Un silence glace soudainement les prémices de cette relation ressuscitée. Puis Madame Hogan plante son regard dans celui de son mari, lui serre très fort les mains et lance :
“Les russes… les russes ont tué notre fils !”
Autour du radiotélescope détruit, ce qu’il reste du monde s'effondre alors. Les montagnes glissent dans un grand fracas vers les océans. Les plaines se tordent sous l’effet d’un vent froid et hostile à toute forme de vie. Chaque arbre plie, chaque animal crie à la mort. Hal Hogan vient de comprendre qu’il aimait son fils plus que les étoiles. Il pensait avoir le temps… ce temps, maître de tout, choisit parfois arbitrairement d’abréger des existences et d’en prolonger d’autres au-delà du raisonnable.
“Rentrons !”
Hal Hogan pousse sa femme par l’épaule et la force à pénétrer dans la chaleur artificielle de sa maison. A petits pas, du bout des yeux, Hal découvre une multitude de photographies. Son fils très jeune, enfant, adolescent, puis au collège et finalement militaire quelques jours après son intégration, quelques heures avant son départ pour les terres gelées de Sibérie. Toute une vie d’homme résumée en quelques pixels sur du papier glacé.

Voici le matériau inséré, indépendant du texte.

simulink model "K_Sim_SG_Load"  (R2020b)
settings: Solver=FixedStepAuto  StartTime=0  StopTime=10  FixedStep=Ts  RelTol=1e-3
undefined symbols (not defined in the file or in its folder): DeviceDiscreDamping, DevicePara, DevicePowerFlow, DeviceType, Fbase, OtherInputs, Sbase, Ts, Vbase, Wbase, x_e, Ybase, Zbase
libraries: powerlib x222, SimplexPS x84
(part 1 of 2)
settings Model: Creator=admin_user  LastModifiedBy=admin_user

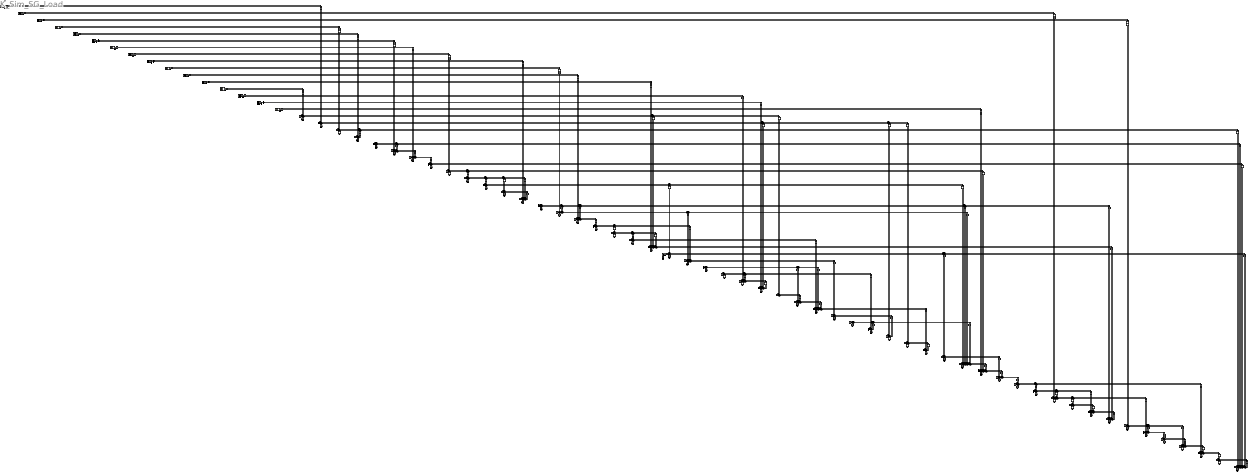
== system K_Sim_SG_Load ==
  note: Short-Circuit Fault
  B-GND{17,20,24,27..28,31,33,35,37,40,44,47,49..50,55,58,60,63,66,68,70,73,75,78,81,83,85,87,89,91,94..96,98..99,101,103,105,107,110,113,116,118,120..121,124,126,128,130,132,134} (51 alike) : powerlib/Elements/Ground  LConnTagsString=a
  Branch1-18 : powerlib/Elements/Three-Phase Series RLC Branch  LConnTagsString=A|B|C  RConnTagsString=A|B|C  BranchType=RL  Resistance=(1e-07)*Zbase  Inductance=(0.003)*Zbase/Wbase  Capacitance=1e-6  Measurements=None
  Branch10-31 : powerlib/Elements/Three-Phase Series RLC Branch  LConnTagsString=A|B|C  RConnTagsString=A|B|C  BranchType=RL  Resistance=(1e-07)*Zbase  Inductance=(0.026)*Zbase/Wbase  Capacitance=1e-6  Measurements=None
  Branch11-32 : powerlib/Elements/Three-Phase Series RLC Branch  LConnTagsString=A|B|C  RConnTagsString=A|B|C  BranchType=RL  Resistance=(1e-07)*Zbase  Inductance=(0.013)*Zbase/Wbase  Capacitance=1e-6  Measurements=None
  Branch12-36 : powerlib/Elements/Three-Phase Series RLC Branch  LConnTagsString=A|B|C  RConnTagsString=A|B|C  BranchType=RL  Resistance=(1e-07)*Zbase  Inductance=(0.0075)*Zbase/Wbase  Capacitance=1e-6  Measurements=None
  Branch13-17 : powerlib/Elements/Three-Phase Series RLC Branch  LConnTagsString=A|B|C  RConnTagsString=A|B|C  BranchType=RL  Resistance=(1e-07)*Zbase  Inductance=(0.0033)*Zbase/Wbase  Capacitance=1e-6  Measurements=None
  Branch14-41 : powerlib/Elements/Three-Phase Series RLC Branch  LConnTagsString=A|B|C  RConnTagsString=A|B|C  BranchType=RL  Resistance=(1e-07)*Zbase  Inductance=(0.0015)*Zbase/Wbase  Capacitance=1e-6  Measurements=None
  Branch15-42 : powerlib/Elements/Three-Phase Series RLC Branch  LConnTagsString=A|B|C  RConnTagsString=A|B|C  BranchType=RL  Resistance=(1e-07)*Zbase  Inductance=(0.0015)*Zbase/Wbase  Capacitance=1e-6  Measurements=None
  Branch16-54 : powerlib/Elements/Three-Phase Series RLC Branch  LConnTagsString=A|B|C  RConnTagsString=A|B|C  BranchType=RL  Resistance=(1e-07)*Zbase  Inductance=(0.0181)*Zbase/Wbase  Capacitance=1e-6  Measurements=None
  Branch17-17 : powerlib/Elements/Three-Phase Parallel RLC Branch  LConnTagsString=A|B|C  RConnTagsString=A|B|C  BranchType=RLC  Resistance=(0.015039)*Zbase  Inductance=(0.30078)*Zbase/Wbase  Capacitance=(0.16)*Ybase/Wbase  Measurements=None
      settings: SourceProductBaseCode=PS
  Branch17-36 : powerlib/Elements/Three-Phase Series RLC Branch  LConnTagsString=A|B|C  RConnTagsString=A|B|C  BranchType=RL  Resistance=(0.0005)*Zbase  Inductance=(0.0045)*Zbase/Wbase  Capacitance=1e-6  Measurements=None
  Branch17-43 : powerlib/Elements/Three-Phase Series RLC Branch  LConnTagsString=A|B|C  RConnTagsString=A|B|C  BranchType=RL  Resistance=(0.0005)*Zbase  Inductance=(0.0276)*Zbase/Wbase  Capacitance=1e-6  Measurements=None
  Branch18-18 : powerlib/Elements/Three-Phase Parallel RLC Branch  LConnTagsString=A|B|C  RConnTagsString=A|B|C  BranchType=RLC  Resistance=(0.040675)*Zbase  Inductance=(0.8168)*Zbase/Wbase  Capacitance=(2.735)*Ybase/Wbase  Measurements=None
      settings: SourceProductBaseCode=PS
  Branch18-42 : powerlib/Elements/Three-Phase Series RLC Branch  LConnTagsString=A|B|C  RConnTagsString=A|B|C  BranchType=RL  Resistance=(0.004)*Zbase  Inductance=(0.06)*Zbase/Wbase  Capacitance=1e-6  Measurements=None
  Branch18-49 : powerlib/Elements/Three-Phase Series RLC Branch  LConnTagsString=A|B|C  RConnTagsString=A|B|C  BranchType=RL  Resistance=(0.0076)*Zbase  Inductance=(0.1141)*Zbase/Wbase  Capacitance=1e-6  Measurements=None
  Branch18-50 : powerlib/Elements/Three-Phase Series RLC Branch  LConnTagsString=A|B|C  RConnTagsString=A|B|C  BranchType=RL  Resistance=(0.0012)*Zbase  Inductance=(0.0288)*Zbase/Wbase  Capacitance=1e-6  Measurements=None
  Branch19-19 : powerlib/Elements/Three-Phase Parallel RLC Branch  LConnTagsString=A|B|C  RConnTagsString=A|B|C  BranchType=C  Resistance=(Inf)*Zbase  Inductance=1e-3  Capacitance=(0.152)*Ybase/Wbase  Measurements=None
      settings: SourceProductBaseCode=PS
  Branch19-20 : powerlib/Elements/Three-Phase Series RLC Branch  LConnTagsString=A|B|C  RConnTagsString=A|B|C  BranchType=RL  Resistance=(0.00078652)*Zbase  Inductance=(0.015506)*Zbase/Wbase  Capacitance=1e-6  Measurements=None
  Branch19-68 : powerlib/Elements/Three-Phase Series RLC Branch  LConnTagsString=A|B|C  RConnTagsString=A|B|C  BranchType=RL  Resistance=(0.0016)*Zbase  Inductance=(0.0195)*Zbase/Wbase  Capacitance=1e-6  Measurements=None
  Branch2-58 : powerlib/Elements/Three-Phase Series RLC Branch  LConnTagsString=A|B|C  RConnTagsString=A|B|C  BranchType=RL  Resistance=(1e-07)*Zbase  Inductance=(0.025)*Zbase/Wbase  Capacitance=1e-6  Measurements=None
  Branch20-20 : powerlib/Elements/Three-Phase Parallel RLC Branch  LConnTagsString=A|B|C  RConnTagsString=A|B|C  BranchType=RL  Resistance=(0.14141)*Zbase  Inductance=(0.93359)*Zbase/Wbase  Capacitance=(0)*Ybase/Wbase  Measurements=None
      settings: SourceProductBaseCode=PS
  Branch21-21 : powerlib/Elements/Three-Phase Parallel RLC Branch  LConnTagsString=A|B|C  RConnTagsString=A|B|C  BranchType=RLC  Resistance=(0.33652)*Zbase  Inductance=(0.8018)*Zbase/Wbase  Capacitance=(0.25565)*Ybase/Wbase  Measurements=None
      settings: SourceProductBaseCode=PS
  Branch21-22 : powerlib/Elements/Three-Phase Series RLC Branch  LConnTagsString=A|B|C  RConnTagsString=A|B|C  BranchType=RL  Resistance=(0.0008)*Zbase  Inductance=(0.014)*Zbase/Wbase  Capacitance=1e-6  Measurements=None
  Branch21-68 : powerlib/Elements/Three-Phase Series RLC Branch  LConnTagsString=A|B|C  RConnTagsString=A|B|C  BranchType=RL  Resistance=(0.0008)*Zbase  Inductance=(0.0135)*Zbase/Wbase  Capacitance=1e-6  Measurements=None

“Qu’est-ce qu’on fait maintenant, demande Madame Hogan ?”
“J’ai un travail à finir, répond Hal d’une voix sûre, comme pour s’auto-convaincre.”
Il se lève alors à la recherche de son ordinateur puis le place ouvert devant les yeux de sa femme.
“Je vais te faire écouter quelque chose.”
“Même après avoir appris la mort de ton fils tu ne penses qu’à ton travail et à tes petits hommes verts ! Tu me dégoûtes, Hal !”
“Je dois le faire pour… notre fils. Je n’ai jamais été si proche… je sais qu’il respectait mon travail et qu’il croyait en moi… il pensait que tout ce temps passé loin de lui porterait un jour ses fruits, que je découvrirais ceux que tu appelles les petits hommes verts… j’ai presque trouvé, je dois continuer pour lui !”
“Si tu penses que cela peut servir… au moins à calmer ta culpabilité…”
Et Madame Hogan quitte d’un pas lourd le salon pour sa chambre. Une porte claque derrière elle.
Hal Hogan ne peut pas s’empêcher de réécouter ce message capté le 15 août 1977. Il doit aller au bout de ses recherches, au moins jusqu’au cul de sac où les archives en sa possession pourront lui permettre de se rendre. Il se lance alors dans un vaste travail pour débusquer des correspondances entre les chercheurs, entre les écoutes, entre les études de chacun… avec l’espoir, simplement, de comprendre.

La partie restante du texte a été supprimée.